= Stefan Garwatowski =

Polish painter (1931–2019)

"Piłsudski in the trenches of Kostiuchnówka". Canvas by Stefan Garwatowski.

Stefan Adam Garwatowski or Gerwatowski ( 1931 - 20 December 2019) was a Polish painter. He was an alumnus of Academy of Fine Arts in Warsaw (1956).

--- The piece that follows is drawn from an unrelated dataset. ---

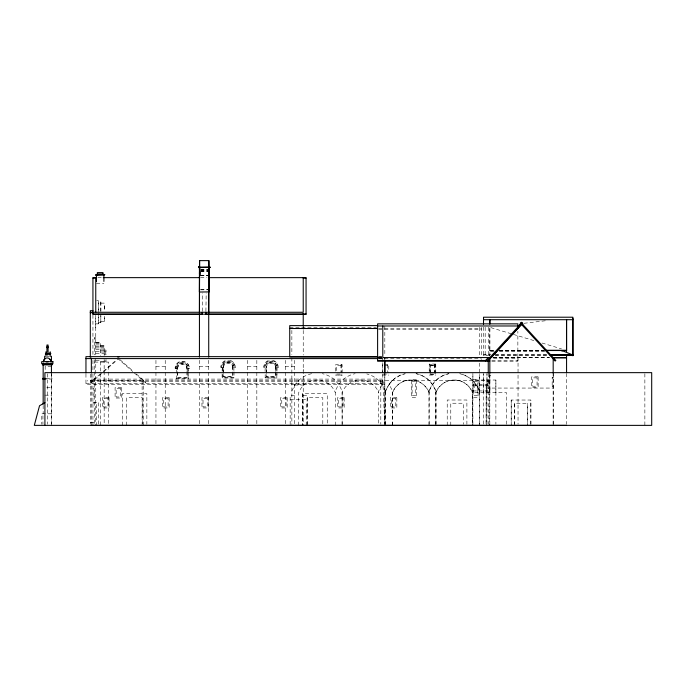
<?xml version="1.0" encoding="UTF-8"?>
<svg xmlns="http://www.w3.org/2000/svg" width="686" height="686" viewBox="0 0 686 686"><rect width="100%" height="100%" fill="white"/><g stroke="black" fill="none" stroke-linecap="round" stroke-linejoin="round"><path stroke-width="0.51" stroke-dasharray="3.43 2.57" d="M95.757 327.917L95.757 316.117M95.757 323.861L98.527 323.861L98.527 313.15M98.527 312.267L98.527 300.665L96.683 300.665M100.833 322.66L100.833 315.303M100.833 311.47L100.833 301.866L98.527 301.823M104.255 321.271L104.255 315.303M104.255 309.223L104.255 303.255M122.271 425.354L122.271 393.67L146.855 393.67L146.855 424.3M126.721 425.354L126.721 397.7L142.414 397.7L142.414 424.291M143.717 425.371L143.717 380.37L90.312 380.37M302.663 393.67L302.663 425.354L302.663 393.67L327.248 393.67L327.248 424.3M306.222 425.354L306.222 403.231M307.105 425.354L307.105 397.7L322.806 397.7L322.806 424.291M342.134 424.3L342.134 392.581A19.585 19.585 0 0 1 378.698 392.581M385.746 392.581L385.746 390.943L388.559 385.369L391.843 381.202M392.606 425.354L392.606 390.943L389.176 384.589M449.03 373.656A26.48 26.48 0 0 0 435.267 381.202L431.983 385.369L429.17 390.943L429.17 392.581A19.585 19.585 0 0 0 392.606 392.581M435.842 424.3L435.842 392.581A19.585 19.585 0 0 1 472.405 392.581M416.162 373.656A26.48 26.48 0 0 1 429.933 381.202L433.218 385.369L436.03 390.943L436.03 392.581A19.585 19.585 0 0 1 472.594 392.581L472.594 425.354M447.221 425.354L447.221 400.007L466.892 400.007L466.892 424.3M450.779 425.354L450.779 403.231L463.333 403.231L463.333 424.3M479.257 392.581L479.265 373.656M483.433 392.581L483.433 373.656L483.433 425.354M489.898 355.391L483.51 355.391L483.51 354.731L490.962 354.731M486.974 392.581L486.974 373.656L486.974 425.354M495.884 392.581L495.884 380.018L472.886 380.018M511.199 425.371L511.199 400.032L530.861 400.032L530.861 425.371M514.749 425.371L514.749 403.257L527.311 403.257L527.311 425.371L527.311 403.257M530.861 424.317L530.861 400.032M553.182 424.317L553.182 373.467M202.276 311.195L202.55 292.973M205.911 311.195L206.186 292.973M176.439 379.118L176.525 366.787A5.9 5.9 0 0 1 180.692 362.611L183.745 362.611A5.9 5.9 0 0 1 187.921 366.787L188.11 378.543L176.328 378.543M176.439 368.811L176.636 367.362A5.9 5.9 0 0 1 180.804 363.186L183.857 363.186A5.9 5.9 0 0 1 188.033 367.362L188.221 370.869M177.442 368.313A4.776 4.776 0 0 1 180.984 363.691L183.462 363.691A4.776 4.776 0 0 1 187.004 368.313L187.004 377.429L177.442 377.429L177.605 367.07M187.115 371.923L187.115 378.003L177.554 378.003L177.717 367.645M222.238 370.792L222.435 366.247A5.9 5.9 0 0 1 226.603 362.071L229.656 362.071A5.9 5.9 0 0 1 233.832 366.247M232.803 372.266L232.803 376.322L223.242 376.322L223.404 365.964M232.914 371.829L232.914 376.897L223.353 376.897L223.516 366.538M275.738 372.266L275.738 376.322L266.177 376.322L266.34 365.964M275.849 371.829L275.849 376.897L266.288 376.897L266.451 366.538M291.859 390.943L294.671 385.369A26.48 26.48 0 0 1 311.718 373.656M385.558 425.354L385.558 390.943L388.37 385.369A26.48 26.48 0 0 1 405.426 373.656M382.128 384.589L378.698 390.943L378.698 425.354M475.835 384.589L472.405 390.943L472.405 425.354M145.818 382.222L145.466 382.651L133.496 372.215M100.473 373.801L90.801 382.222L91.169 382.642L103.149 372.198M103.183 371.435L116.74 359.627M103.792 371.64L118.326 358.984L132.698 371.52M92.936 403.257L96.623 402.288L96.623 425.371M524.035 323.286L546.047 320.688M200.741 269.632L207.969 269.632M200.492 269.744L207.712 269.744M200.681 270.275L208.938 270.275M200.552 270.327L207.781 270.327M200.681 271.399L208.938 271.399M200.552 271.459L208.81 271.459M200.604 275.283L208.998 275.223M200.492 275.335L208.99 275.36M200.501 275.463L207.729 275.463M97.892 277.641L103.243 277.641M200.561 277.641L206.983 277.641M96.443 283.532L103.895 283.532M200.732 289.732L207.969 289.724M200.492 289.835L208.87 289.784M100.833 303.126L104.255 303.126L104.255 311.564M203.245 313.974L205.388 313.974M203.245 314.42L205.388 314.42M100.833 321.4L104.255 321.4L104.255 316.229M98.527 322.703L100.833 322.703L100.833 314.197M289.732 327.394L376.46 327.394M378.569 328.508L481.323 328.508M378.595 329.314L481.323 329.314M95.757 337.238L94.557 337.238L94.557 354.842M94.557 338.55L95.757 338.55M95.757 342.314L100.559 342.314L100.559 355.811M95.757 342.794L100.559 342.794M95.757 343.772L100.559 343.772M95.757 344.964L100.559 344.964M100.559 345.813L104.161 345.813L104.161 355.511M100.559 345.933L104.161 345.933M95.757 346.353L100.559 346.353M100.559 346.799L104.161 346.799M100.559 347.853L104.161 347.853M95.757 347.922L100.559 347.922M100.559 349.08L104.161 349.08M95.757 349.671L100.559 349.671M104.161 350.074L106.004 350.074L106.004 354.799L104.161 354.799M489.838 350.272L494.1 350.272M499.434 350.272L543.123 350.272M100.559 350.469L106.004 350.4M489.838 350.4L495.584 350.4M499.477 350.4L545.524 350.4M489.838 350.495L494.1 350.529M499.434 350.495L543.964 350.537M489.838 350.923L494.1 350.923M499.434 350.923L544.195 350.923M494.083 351.189L489.838 351.189L489.838 327.05L489.838 357.457M499.391 351.189L545.018 351.189M104.161 351.283L106.004 351.283M95.757 351.584L100.559 351.584M100.559 352.012L104.161 352.012M104.161 352.321L106.004 352.321M104.161 353.496L106.004 353.496M95.757 353.633L104.161 353.702M495.215 354.731L547.359 354.731M483.51 355.014L489.898 355.014M495.215 355.014L548.423 355.014M46.94 355.116L48.08 355.116M495.215 355.391L548.423 355.391M47.017 356.574L49.135 356.574M378.509 356.651L381.716 356.651M378.569 356.969L381.785 356.969M378.509 357.32L381.716 357.32M378.509 357.552L381.716 357.552M493.534 357.552L518.041 357.552L518.041 424.3M492.96 357.74L549.486 357.732M378.595 357.775L381.81 357.775M378.509 358.058L381.716 358.058M493.534 358.324L517.861 358.324M378.509 358.589L384.82 358.589M378.569 358.744L481.323 358.744L481.323 359.55M379.469 358.804L384.82 358.804M95.757 360.484L100.559 360.484L100.559 425.371M491.828 360.459L517.861 360.459M104.161 361.076L106.004 361.076M491.828 361.23L517.861 361.23L517.861 331.244M100.559 361.573L104.161 361.573M94.557 362.088L108.594 362.088L108.594 425.371M227.632 362.474L228.412 362.474M270.567 362.474L271.347 362.474M227.743 363.048L228.524 363.048M270.678 363.048L271.459 363.048M181.833 363.58L182.613 363.58M181.944 364.155L182.725 364.155M384.109 364.6L388.782 364.592L388.773 372.97M430.336 365.629L434.701 365.629L430.259 365.638L430.259 372.944M341.122 365.664L336.723 365.655L336.766 372.97M384.229 365.655L387.727 365.647M51.433 366.324L45.182 366.324L45.182 371.598M155.945 366.461L165.232 366.461M199.437 366.461L208.724 366.461M247.543 366.461L256.83 366.461M285.307 366.461L294.594 366.461M222.135 367.044L220.866 367.044L221.098 365.346A7.169 7.169 0 0 1 226.166 360.279M233.9 367.044L235.169 367.044M265.079 367.044L263.81 367.044L264.033 365.346A7.169 7.169 0 0 1 269.101 360.279M276.835 367.044L278.104 367.044M222.255 367.619L220.978 367.619L221.209 365.921A7.169 7.169 0 0 1 226.277 360.845L229.99 360.845A7.169 7.169 0 0 1 235.058 365.921M265.062 371.246L265.259 365.672A5.9 5.9 0 0 1 269.426 361.505L272.479 361.505A5.9 5.9 0 0 1 276.655 365.672L276.955 367.705L278.216 367.619L277.881 365.346A7.169 7.169 0 0 0 272.814 360.279M176.345 368.159L175.076 368.159L175.299 366.453A7.169 7.169 0 0 1 180.367 361.385L184.08 361.385A7.169 7.169 0 0 1 189.147 366.453L189.482 368.734L188.213 368.734M188.101 368.159L189.37 368.159M176.456 368.734L175.187 368.734L175.41 367.027A7.169 7.169 0 0 1 180.478 361.959L184.191 361.959A7.169 7.169 0 0 1 189.259 367.027M336.723 374.007L341.122 374.016M383.363 374.007L387.727 373.999M430.259 373.99L434.701 373.981M382.308 375.053L388.782 375.053M429.204 375.045L435.747 375.036M489.838 375.336L490.859 375.336M233.909 377.429L222.127 377.429L222.127 372.284M265.062 377.429L276.844 377.429L276.844 372.284M552.17 377.609L553.182 377.609L552.17 377.669L552.17 386.295L553.182 386.295M552.17 377.806L553.182 377.806M552.17 377.943L553.182 377.943M45.945 378.423L51.982 378.423L51.982 379.041L44.187 379.041M91.349 379.101L384.82 379.101M472.894 379.607L478.065 379.607L478.065 397.494L472.894 397.494M91.349 380.344L488.252 380.344M486.974 380.413L489.838 380.413M90.312 381.099L92.936 381.099M91.349 381.596L384.82 381.596M486.974 381.57L489.838 381.57M489.838 382.025L486.151 382.025L486.057 425.371M380.807 382.102L384.82 382.102M85.956 383.251L384.82 383.251M486.974 383.457L489.838 383.457M384.82 384.494L85.956 384.494L85.956 373.999M472.886 384.589L489.838 384.589M294.594 385.026L303.229 385.026M472.886 385.369L489.838 385.369M552.17 385.961L553.182 386.021M552.17 386.167L553.182 386.167M46.768 387.693L51.381 387.719M486.057 388.062L553.182 388.062M92.936 388.628L93.948 388.628L93.948 396.98L92.936 396.98M472.886 390.943L489.838 390.943L489.804 373.656L489.838 392.581L489.838 385.995M44.916 395.17L51.381 395.17M294.594 395.642L290.161 395.642L290.161 425.371M303.229 395.651L307.662 395.651L307.662 425.38M290.161 399.424L307.662 399.432M92.936 402.288L98.561 402.288L98.561 424.325M51.433 413.795L41.777 413.795L41.777 424.317M90.312 422.353L95.757 422.353M493.183 357.578L549.555 357.698M490.833 327.616L512.348 334.091M513.368 334.399L533.837 340.556M542.017 343.017L561.465 348.865M119.913 359.627L133.401 371.392M136.3 373.921L145.844 382.248M303.229 369.471L303.804 370.2M479.265 390.943L476.444 385.369L473.16 381.202A26.48 26.48 0 0 0 460.435 373.887M385.558 390.943L382.745 385.369L379.461 381.202A26.48 26.48 0 0 0 366.727 373.887M275.575 365.964L275.849 370.817M232.751 366.538L232.914 370.817M232.64 365.964L232.803 371.255M186.841 367.07L187.115 370.912M382.788 380.344L384.82 425.354L384.82 373.45M486.974 384.589L486.974 385.369M644.866 373.707L644.866 425.371M566.567 373.381L566.567 424.317M553.182 373.347L553.182 425.371M514.749 403.257L514.749 424.317M511.199 400.032L511.199 424.317M506.422 424.3L506.422 392.581L472.886 392.581L472.894 373.656L472.894 425.354M495.884 380.018L495.884 424.3M489.838 373.347L489.838 425.371M489.65 388.062L489.65 425.371M488.252 327.256L488.252 357.552M488.252 373.45L488.252 424.3M486.245 388.062L486.245 425.371M485.173 327.282L485.173 356.18M483.51 327.136L483.51 355.391M481.323 327.394L481.323 355.914M479.454 424.317L479.454 390.943L476.633 385.369A26.48 26.48 0 0 0 459.586 373.656M479.265 327.394L479.265 355.665M479.265 363.057L479.257 425.354M436.03 390.943L436.03 425.354M435.842 425.354L435.842 390.943L433.029 385.369L429.736 381.202A26.48 26.48 0 0 0 415.973 373.656M435.67 372.952L435.67 364.583L429.204 364.583L429.204 372.952M434.727 373.458L434.727 365.106L430.371 365.106L430.371 373.458M434.701 364.575L434.615 372.944M429.17 390.943L429.17 425.354M428.982 425.354L428.982 390.943L431.794 385.369L435.078 381.202A26.48 26.48 0 0 1 448.841 373.656M392.418 425.354L392.418 392.581A19.585 19.585 0 0 1 428.982 392.581M387.727 364.592L387.719 372.961M385.746 390.943L385.746 424.317M384.82 358.058L384.82 359.31M384.82 373.973L384.82 424.3M384.82 326.219L384.82 356.18M384.82 357.552L384.82 359.627M382.788 358.589L382.788 361.668M382.788 362.697L382.788 372.952M382.788 373.973L382.788 382.102M382.316 364.592L382.308 372.97M380.807 380.344L380.807 424.3M355.365 380.344L355.365 381.596M355.365 383.251L355.365 384.494M342.177 372.978L342.134 364.6L335.668 364.6L335.711 372.978M342.134 425.354L342.134 390.943L339.321 385.369L336.037 381.202A26.48 26.48 0 0 0 322.274 373.656M341.122 364.609L341.122 372.97M341.079 364.6L341.079 372.961M335.274 425.354L335.274 390.943L338.095 385.369L341.379 381.202A26.48 26.48 0 0 1 355.142 373.656M303.229 326.184L303.229 329.391M303.229 330.403L303.229 355.091M303.229 358.246L303.229 425.38M298.822 380.344L298.822 381.596M298.822 383.251L298.822 384.494M298.71 425.354L298.71 392.581A19.585 19.585 0 0 1 335.274 392.581M294.594 360.304L294.594 425.371M291.859 330.369L291.859 354.611M291.859 357.775L291.859 424.317M285.307 360.304L285.307 424.308M276.955 367.705L276.955 370.792M276.955 371.821L276.955 378.003L265.173 378.003L265.173 371.821M276.844 367.13L276.844 371.246M275.738 371.255L275.738 367.199A4.776 4.776 0 0 0 272.196 362.585L269.718 362.585A4.776 4.776 0 0 0 266.177 367.199M256.83 360.304L256.83 425.371M247.543 360.304L247.543 424.308M233.909 367.13L233.909 371.246M234.02 371.821L234.02 378.003L222.238 378.003L222.238 371.821M222.127 371.246L222.324 365.672A5.9 5.9 0 0 1 226.491 361.505L229.544 361.505A5.9 5.9 0 0 1 233.72 365.672L234.02 367.705L235.281 367.619L234.946 365.346A7.169 7.169 0 0 0 229.879 360.279M208.724 360.279L208.724 425.371M199.437 360.279L199.437 424.308M188.221 371.906L188.221 379.118M165.232 360.304L165.232 425.371M155.945 360.304L155.945 424.308M142.131 380.344L142.131 425.354M106.004 359.37L106.004 362.088M104.161 359.37L104.161 425.371M100.833 301.823L100.833 311.564M98.527 300.665L98.527 310.329M98.527 314.411L98.527 323.861M95.757 315.286L95.757 357.235M95.757 358.203L95.757 425.371M94.557 359.944L94.557 425.371M92.936 315.071L92.936 355.125M92.936 360.382L92.936 373.004M92.936 374.059L92.936 425.371M91.349 373.973L91.349 425.354M90.312 374.059L90.312 424.368M87.482 380.37L87.482 381.099M51.433 374.256L51.433 425.371M51.381 372.652L51.381 425.371M47.454 373.767L47.454 424.317M43.158 405.366L43.158 413.795M42.944 415.785L42.944 424.308M388.559 385.369A26.48 26.48 0 0 1 404.577 373.887M223.242 367.199A4.776 4.776 0 0 1 226.783 362.585L229.253 362.585A4.776 4.776 0 0 1 232.803 367.199M177.554 368.888A4.776 4.776 0 0 1 181.095 364.266L183.574 364.266A4.776 4.776 0 0 1 187.115 368.888M266.288 367.773A4.776 4.776 0 0 1 269.83 363.16L272.308 363.16A4.776 4.776 0 0 1 275.849 367.773M276.767 366.247A5.9 5.9 0 0 0 272.591 362.071L269.538 362.071A5.9 5.9 0 0 0 265.371 366.247L265.173 367.705L263.921 367.619L264.144 365.921A7.169 7.169 0 0 1 269.212 360.845L272.925 360.845A7.169 7.169 0 0 1 277.993 365.921M223.353 367.773A4.776 4.776 0 0 1 226.895 363.16L229.373 363.16A4.776 4.776 0 0 1 232.914 367.773M435.781 364.052L429.316 364.052L429.316 374.513L435.781 374.513L435.781 364.052M342.134 375.053L335.668 375.053L342.177 375.07M538.124 376.811L531.659 376.811L531.659 387.264L538.124 387.264L538.124 376.811M537.069 377.866L532.713 377.866L532.713 386.218L537.069 386.218L537.069 377.866M416.436 379.65L411.266 379.65L411.266 397.537L416.436 397.537L416.436 379.65M415.596 381.45L412.106 381.45L412.106 395.736L415.596 395.736L415.596 381.45M477.224 381.407L473.734 381.407L473.734 395.693L477.224 395.693L477.224 381.407M121.559 387.573L115.094 387.573L115.094 398.034L121.559 398.034L121.559 387.573M120.504 388.628L116.148 388.628L116.148 396.98L120.504 396.98L120.504 388.628M109.04 397.494L102.574 397.494L102.574 407.956L109.04 407.956L109.04 397.494M169.168 397.494L162.702 397.494L162.702 407.956L169.168 407.956L169.168 397.494M208.424 397.494L201.958 397.494L201.958 407.956L208.424 407.956L208.424 397.494M287.185 397.494L280.72 397.494L280.72 407.956L287.185 407.956L287.185 397.494M344.158 397.494L337.692 397.494L337.692 407.956L344.158 407.956L344.158 397.494M396.842 397.494L390.377 397.494L390.377 407.956L396.842 407.956L396.842 397.494M107.985 398.549L103.629 398.549L103.629 406.901L107.985 406.901L107.985 398.549M168.113 398.549L163.757 398.549L163.757 406.901L168.113 406.901L168.113 398.549M207.369 398.549L203.013 398.549L203.013 406.901L207.369 406.901L207.369 398.549M286.131 398.549L281.775 398.549L281.775 406.901L286.131 406.901L286.131 398.549M343.103 398.549L338.747 398.549L338.747 406.901L343.103 406.901L343.103 398.549M395.788 398.549L391.432 398.549L391.432 406.901L395.788 406.901L395.788 398.549"/><path stroke-width="1.03" d="M199.463 269.744L199.583 260.62L208.87 260.62L209.024 291.902L199.437 292.03L199.472 275.463M199.712 269.632L199.583 260.62M208.724 292.039L208.87 267.034L208.724 312.267L208.75 269.744M208.87 260.62L208.998 275.223L208.998 273.903M483.51 320.362L483.51 319.573M483.51 318.921L483.51 318.27M566.567 350.923L566.567 319.71L566.567 350.272L546.322 350.272M570.915 354.851L572.896 355.665L572.896 318.27M208.75 275.335L208.75 274.014M199.472 274.4L199.472 272.796M199.6 274.34L199.6 272.745L199.575 274.357M208.758 274.4L208.758 272.805M208.887 274.34L208.887 272.745L208.861 274.357M199.48 273.431L199.523 270.327L199.609 273.38M208.896 273.38L208.904 270.936M199.489 272.608L199.66 271.527M95.757 312.267L95.757 277.641L92.936 277.641L92.936 314.42L202.233 314.42L202.259 312.267L202.259 312.705M209.119 277.641L306.059 277.641L306.059 314.42L205.869 314.42L205.894 312.267L205.894 312.705M208.776 270.996L208.767 273.431L208.827 270.49M208.904 272.556L208.818 271.587M517.93 326.99L520.794 323.852M491.253 357.578L521.514 324.435M488.252 357.552L485.585 360.459L485.585 361.23M521.454 324.375L522.14 323.749M44.916 402.656L39.539 405.735L34.3 425.371L651.7 425.371L651.7 372.652L44.916 372.652L44.916 425.371M198.503 267.574L198.829 266.965L198.546 267.557L209.95 267.429M199.437 267.566L199.437 312.267L199.583 267.034L199.437 292.03M198.503 267.111L209.95 266.965L209.916 267.446M209.624 267.574L209.667 267.094M199.712 275.223L199.712 273.903M46.185 361.865L48.123 361.865M97.352 273.98L102.986 273.98M103.243 277.641L199.497 277.641M92.936 278.079L95.757 278.079M303.229 278.079L306.059 278.079M92.936 310.655L90.312 310.655L90.312 357.346M90.312 312.267L303.229 312.267L303.229 277.641M90.312 312.705L93.03 312.705M92.936 313.974L202.233 313.974L202.233 314.42M306.059 313.974L205.869 313.974L205.869 314.42M483.51 319.702L572.896 319.702M520.314 324.375L522.715 324.375M377.497 325.618L289.732 325.618L289.732 356.969L377.497 356.969M377.609 325.979L517.861 325.979M289.732 328.508L377.497 328.508M46.965 346.816L48.097 346.816M46.965 347.605L48.097 347.605M546.082 350.537L566.567 350.537L566.567 351.189M45.953 353.161L50.189 353.161M549.486 354.731L572.896 354.731M550.549 355.014L572.896 355.014L561.997 350.537L561.997 351.189M550.549 355.391L572.896 355.391M377.437 356.651L85.956 356.651L85.956 372.978M490.37 357.552L382.788 357.552L382.788 325.979M552.684 357.732L566.567 357.732L552.745 357.706M85.956 358.589L377.437 358.589M49.486 359.498L51.433 359.498M377.609 360.459L489.744 360.459M489.744 361.23L377.609 361.23L377.609 323.852L517.861 323.852L517.861 328.088M45.225 378.423L42.601 378.423L42.601 379.041L45.225 379.041M91.349 425.354L566.567 425.371M208.964 271.913L208.973 272.522M199.669 271.913L199.686 272.522M208.981 271.682L208.981 273.337M199.695 273.337L199.652 270.275L199.566 273.397M208.99 272.702L208.981 274.306M199.703 272.702L199.695 274.297M208.99 275.36L208.87 273.963L208.861 275.283M199.703 275.36L199.583 273.963L199.575 275.283M572.896 355.665L572.896 317.215L483.51 317.215L483.51 324.607M566.567 354.499L566.567 372.524M553.182 357.578L553.182 373.347M489.838 357.578L489.838 373.347M488.252 360.665L488.252 373.098M384.82 361.668L384.82 372.952M384.82 360.665L384.82 373.098M303.229 313.33L303.229 326.184M209.787 267.034L209.787 267.497M208.724 313.33L208.724 357.08M199.437 313.33L199.437 357.08M198.666 267.034L198.666 267.497M103.895 274.717L103.895 281.397M102.986 274.717L102.986 272.599L97.352 272.599L97.352 274.717M96.443 274.717L96.443 281.397M91.349 358.118L91.349 372.952M51.433 356.188L51.433 361.668M51.433 363.22L51.433 373.218M50.189 351.764L50.189 356.574M48.08 352.09L48.08 345.015L46.94 345.015L46.94 352.09M45.953 351.764L45.953 356.574M44.633 356.188L44.633 359.816M43.158 363.734L43.158 404.311M520.477 324.195A1.209 1.209 0 0 1 520.725 322.634A1.209 1.209 0 0 1 522.295 322.634A1.209 1.209 0 0 1 522.543 324.195M117.709 357.054A1.809 1.809 0 0 1 118.935 357.054M43.733 360.93A3.73 3.73 0 0 1 44.65 359.13M43.424 361.951A3.73 3.73 0 0 1 47.154 357.938A3.73 3.73 0 0 1 50.875 361.951M489.838 319.71L489.838 323.964L489.838 319.702M521.514 323.063L487.197 360.45L487.875 361.076L522.192 323.689L521.514 323.063L520.828 323.689L555.145 361.076L555.823 360.45L521.514 323.063M104.744 274.717L95.594 275L104.744 274.717M50.755 353.779L45.396 354.087L50.755 353.779M52.908 361.668L41.683 361.668L41.683 363.734L52.908 363.734L52.908 361.668M52.102 364.36L42.489 364.369L42.489 364.883L52.102 364.875L52.102 364.36"/></g></svg>

He has authored many paintings illustrating notable events from Poland's military history (as illustrated by a sample painting used here, "Piłsudski in the trenches of Kostiuchnówka"). They are featured in several museums of Poland, including Museum of the Polish Army in Warsaw and the National Museum in Wrocław (Muzeum Narodowe we Wrocławiu). In addition to military paintings, he has also done works in other themes, including abstract art.

==Works==
They include:
- battle of Kostiuchnówka with the "Piłsudski in the trenches of Kostiuchnówka" (Piłsudski w okopach pod Kostiuchnówką), featured in the Museum of the Polish Army (MWP) in Warsaw (portrayed above).
- battle of Westerplatte with "Westerplatte" (1996), featured in the MWP
- death of Ignacy Skorupka in the battle of Ossów, with the "Death of rev. Skorupka" (Polish: Śmierć ks. Skorupki) featured in the MWP during the special exhibition for an anniversary of the battle of Warsaw
- battle of Monte Cassino with "Hill 593 - Monte Cassino" (Polish: Wzgórze 593 - Monte Cassino)
- Polish participation in the battle of Berlin, with "We in Berlin" (Polish: My w Berlinie), featured on the web pages of the MWP
- "battle of Grunwald" (Polish: Bitwa pod Grunwaldem)
- "Warsaw Uprising", (Polish: Powstanie Warszawskie)
- "Occupation" (Polish: Okupacja, 1955), Lubusz Land Museum (Muzeum Ziemi Lubuskiej) in Zielona Góra
- battle of Kolberg (Kołobrzeg) with "Kolberg: 1945 - the last fight" (Polish: Kołobrzeg 1945 Ostatni bój) in the Museum of Polish Weaponry (Muzeum Oręża Polskiego) in Kołobrzeg
- "battle of Mokra" (Polish: Bitwa pod Mokrą)

He also authored portraits of Polish military figures:
- Stanisław Sosabowski

His picture "On the outskirts of Warsaw" (Polish: Na przedpolach Warszawy) has been part of the Polish Post series in 1968, on the 25th anniversary of the People's Polish Army.